• [MATERIALS PROVIDED]:
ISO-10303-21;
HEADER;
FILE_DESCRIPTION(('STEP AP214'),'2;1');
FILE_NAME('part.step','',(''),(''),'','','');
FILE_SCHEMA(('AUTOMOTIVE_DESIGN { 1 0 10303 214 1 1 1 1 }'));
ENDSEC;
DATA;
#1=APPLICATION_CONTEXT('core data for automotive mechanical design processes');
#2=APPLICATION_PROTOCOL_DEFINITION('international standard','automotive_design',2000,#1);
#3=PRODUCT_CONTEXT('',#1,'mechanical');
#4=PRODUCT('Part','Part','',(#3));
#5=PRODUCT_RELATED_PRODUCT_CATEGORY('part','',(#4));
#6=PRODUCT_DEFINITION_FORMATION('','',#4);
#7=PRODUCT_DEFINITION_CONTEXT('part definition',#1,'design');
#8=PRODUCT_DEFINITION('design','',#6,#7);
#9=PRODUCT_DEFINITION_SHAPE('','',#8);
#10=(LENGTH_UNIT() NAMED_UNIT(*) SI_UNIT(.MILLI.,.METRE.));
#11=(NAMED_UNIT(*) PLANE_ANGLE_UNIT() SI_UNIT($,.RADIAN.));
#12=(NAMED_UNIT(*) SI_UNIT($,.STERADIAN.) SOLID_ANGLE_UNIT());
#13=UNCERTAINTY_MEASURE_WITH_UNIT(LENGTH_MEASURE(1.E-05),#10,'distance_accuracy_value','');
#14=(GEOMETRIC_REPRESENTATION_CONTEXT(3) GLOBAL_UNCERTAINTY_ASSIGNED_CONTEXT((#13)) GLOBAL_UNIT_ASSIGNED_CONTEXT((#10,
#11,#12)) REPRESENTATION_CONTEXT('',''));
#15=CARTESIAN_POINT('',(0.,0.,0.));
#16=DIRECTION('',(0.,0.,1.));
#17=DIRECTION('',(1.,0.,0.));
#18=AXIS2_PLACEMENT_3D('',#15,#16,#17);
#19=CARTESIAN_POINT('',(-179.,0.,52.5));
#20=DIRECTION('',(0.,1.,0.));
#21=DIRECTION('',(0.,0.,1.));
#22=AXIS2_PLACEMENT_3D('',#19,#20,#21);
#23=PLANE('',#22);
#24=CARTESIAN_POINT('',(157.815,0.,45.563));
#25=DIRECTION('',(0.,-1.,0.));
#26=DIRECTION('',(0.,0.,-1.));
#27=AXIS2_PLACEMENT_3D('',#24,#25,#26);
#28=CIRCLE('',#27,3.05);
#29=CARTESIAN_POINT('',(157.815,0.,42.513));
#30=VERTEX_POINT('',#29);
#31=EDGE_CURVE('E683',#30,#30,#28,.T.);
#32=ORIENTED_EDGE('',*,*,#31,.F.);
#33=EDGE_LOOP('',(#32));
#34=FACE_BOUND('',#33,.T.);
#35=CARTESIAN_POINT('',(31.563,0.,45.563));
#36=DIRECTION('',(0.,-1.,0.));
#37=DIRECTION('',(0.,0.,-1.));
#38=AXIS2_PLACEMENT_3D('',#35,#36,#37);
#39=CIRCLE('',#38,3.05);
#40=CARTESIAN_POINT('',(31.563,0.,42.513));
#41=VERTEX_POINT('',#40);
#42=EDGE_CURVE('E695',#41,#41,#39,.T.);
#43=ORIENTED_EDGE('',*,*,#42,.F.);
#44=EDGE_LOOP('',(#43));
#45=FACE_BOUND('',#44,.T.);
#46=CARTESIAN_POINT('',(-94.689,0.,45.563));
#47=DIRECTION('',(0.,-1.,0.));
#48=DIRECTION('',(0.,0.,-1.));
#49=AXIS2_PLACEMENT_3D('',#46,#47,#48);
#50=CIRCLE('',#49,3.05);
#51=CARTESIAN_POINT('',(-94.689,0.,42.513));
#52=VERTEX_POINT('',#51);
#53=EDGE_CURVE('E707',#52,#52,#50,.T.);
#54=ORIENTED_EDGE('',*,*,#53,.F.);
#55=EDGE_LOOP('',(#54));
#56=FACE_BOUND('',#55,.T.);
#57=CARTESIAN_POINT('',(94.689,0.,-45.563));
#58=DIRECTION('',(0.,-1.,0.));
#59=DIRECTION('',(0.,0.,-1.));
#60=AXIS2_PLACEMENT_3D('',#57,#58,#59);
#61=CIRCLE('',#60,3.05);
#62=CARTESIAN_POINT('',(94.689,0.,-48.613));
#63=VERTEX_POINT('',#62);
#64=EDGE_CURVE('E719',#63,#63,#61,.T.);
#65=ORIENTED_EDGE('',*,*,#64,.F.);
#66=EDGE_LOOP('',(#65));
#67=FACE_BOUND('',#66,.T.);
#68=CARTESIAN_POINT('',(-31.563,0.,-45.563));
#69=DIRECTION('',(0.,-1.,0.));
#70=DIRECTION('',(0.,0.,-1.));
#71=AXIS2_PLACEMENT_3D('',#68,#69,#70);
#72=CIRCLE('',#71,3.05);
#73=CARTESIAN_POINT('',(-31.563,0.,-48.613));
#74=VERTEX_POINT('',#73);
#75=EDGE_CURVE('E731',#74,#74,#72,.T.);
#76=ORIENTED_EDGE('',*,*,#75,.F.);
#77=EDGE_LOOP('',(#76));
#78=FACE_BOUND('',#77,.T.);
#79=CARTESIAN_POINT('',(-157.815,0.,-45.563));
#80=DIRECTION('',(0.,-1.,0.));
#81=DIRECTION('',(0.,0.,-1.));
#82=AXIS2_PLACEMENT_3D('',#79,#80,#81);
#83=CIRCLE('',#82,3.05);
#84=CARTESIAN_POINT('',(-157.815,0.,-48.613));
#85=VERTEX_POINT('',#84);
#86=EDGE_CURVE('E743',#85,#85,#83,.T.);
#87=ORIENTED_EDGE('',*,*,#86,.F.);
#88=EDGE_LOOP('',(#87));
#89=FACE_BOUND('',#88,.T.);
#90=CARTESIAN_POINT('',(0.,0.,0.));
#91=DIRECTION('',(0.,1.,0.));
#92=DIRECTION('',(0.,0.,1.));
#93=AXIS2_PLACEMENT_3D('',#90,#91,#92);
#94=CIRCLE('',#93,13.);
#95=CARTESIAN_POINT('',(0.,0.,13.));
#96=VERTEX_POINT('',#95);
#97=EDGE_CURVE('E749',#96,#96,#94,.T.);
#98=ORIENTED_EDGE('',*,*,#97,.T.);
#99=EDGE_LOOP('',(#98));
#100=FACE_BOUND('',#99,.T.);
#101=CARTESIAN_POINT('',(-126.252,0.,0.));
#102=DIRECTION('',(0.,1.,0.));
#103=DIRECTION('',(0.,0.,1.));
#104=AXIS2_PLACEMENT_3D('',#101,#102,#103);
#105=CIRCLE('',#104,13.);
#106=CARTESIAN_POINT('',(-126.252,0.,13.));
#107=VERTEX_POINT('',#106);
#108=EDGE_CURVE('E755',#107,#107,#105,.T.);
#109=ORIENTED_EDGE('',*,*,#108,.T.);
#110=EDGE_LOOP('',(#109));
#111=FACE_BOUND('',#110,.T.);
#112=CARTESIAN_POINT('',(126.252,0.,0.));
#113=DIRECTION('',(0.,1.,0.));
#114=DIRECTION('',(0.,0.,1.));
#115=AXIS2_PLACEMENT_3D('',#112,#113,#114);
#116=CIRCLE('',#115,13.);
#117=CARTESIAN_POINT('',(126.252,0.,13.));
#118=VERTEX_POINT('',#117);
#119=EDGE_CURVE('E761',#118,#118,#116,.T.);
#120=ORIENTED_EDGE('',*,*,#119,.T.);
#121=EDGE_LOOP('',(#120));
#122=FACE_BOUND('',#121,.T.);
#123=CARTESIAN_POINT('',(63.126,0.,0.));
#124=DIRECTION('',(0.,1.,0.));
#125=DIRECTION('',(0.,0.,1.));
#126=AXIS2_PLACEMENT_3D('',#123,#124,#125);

• [ACTION ITEM]:
Going back over the entries above, copy word for word every line from the one that has "#3=PRODUCT_CONTEXT('',#1,'mechanical');" on through the one that has "#32=ORIENTED_EDGE('',*,*,#31,.F.);".

• [EXERCISE OUTPUT]:
#3=PRODUCT_CONTEXT('',#1,'mechanical');
#4=PRODUCT('Part','Part','',(#3));
#5=PRODUCT_RELATED_PRODUCT_CATEGORY('part','',(#4));
#6=PRODUCT_DEFINITION_FORMATION('','',#4);
#7=PRODUCT_DEFINITION_CONTEXT('part definition',#1,'design');
#8=PRODUCT_DEFINITION('design','',#6,#7);
#9=PRODUCT_DEFINITION_SHAPE('','',#8);
#10=(LENGTH_UNIT() NAMED_UNIT(*) SI_UNIT(.MILLI.,.METRE.));
#11=(NAMED_UNIT(*) PLANE_ANGLE_UNIT() SI_UNIT($,.RADIAN.));
#12=(NAMED_UNIT(*) SI_UNIT($,.STERADIAN.) SOLID_ANGLE_UNIT());
#13=UNCERTAINTY_MEASURE_WITH_UNIT(LENGTH_MEASURE(1.E-05),#10,'distance_accuracy_value','');
#14=(GEOMETRIC_REPRESENTATION_CONTEXT(3) GLOBAL_UNCERTAINTY_ASSIGNED_CONTEXT((#13)) GLOBAL_UNIT_ASSIGNED_CONTEXT((#10,
#11,#12)) REPRESENTATION_CONTEXT('',''));
#15=CARTESIAN_POINT('',(0.,0.,0.));
#16=DIRECTION('',(0.,0.,1.));
#17=DIRECTION('',(1.,0.,0.));
#18=AXIS2_PLACEMENT_3D('',#15,#16,#17);
#19=CARTESIAN_POINT('',(-179.,0.,52.5));
#20=DIRECTION('',(0.,1.,0.));
#21=DIRECTION('',(0.,0.,1.));
#22=AXIS2_PLACEMENT_3D('',#19,#20,#21);
#23=PLANE('',#22);
#24=CARTESIAN_POINT('',(157.815,0.,45.563));
#25=DIRECTION('',(0.,-1.,0.));
#26=DIRECTION('',(0.,0.,-1.));
#27=AXIS2_PLACEMENT_3D('',#24,#25,#26);
#28=CIRCLE('',#27,3.05);
#29=CARTESIAN_POINT('',(157.815,0.,42.513));
#30=VERTEX_POINT('',#29);
#31=EDGE_CURVE('E683',#30,#30,#28,.T.);
#32=ORIENTED_EDGE('',*,*,#31,.F.);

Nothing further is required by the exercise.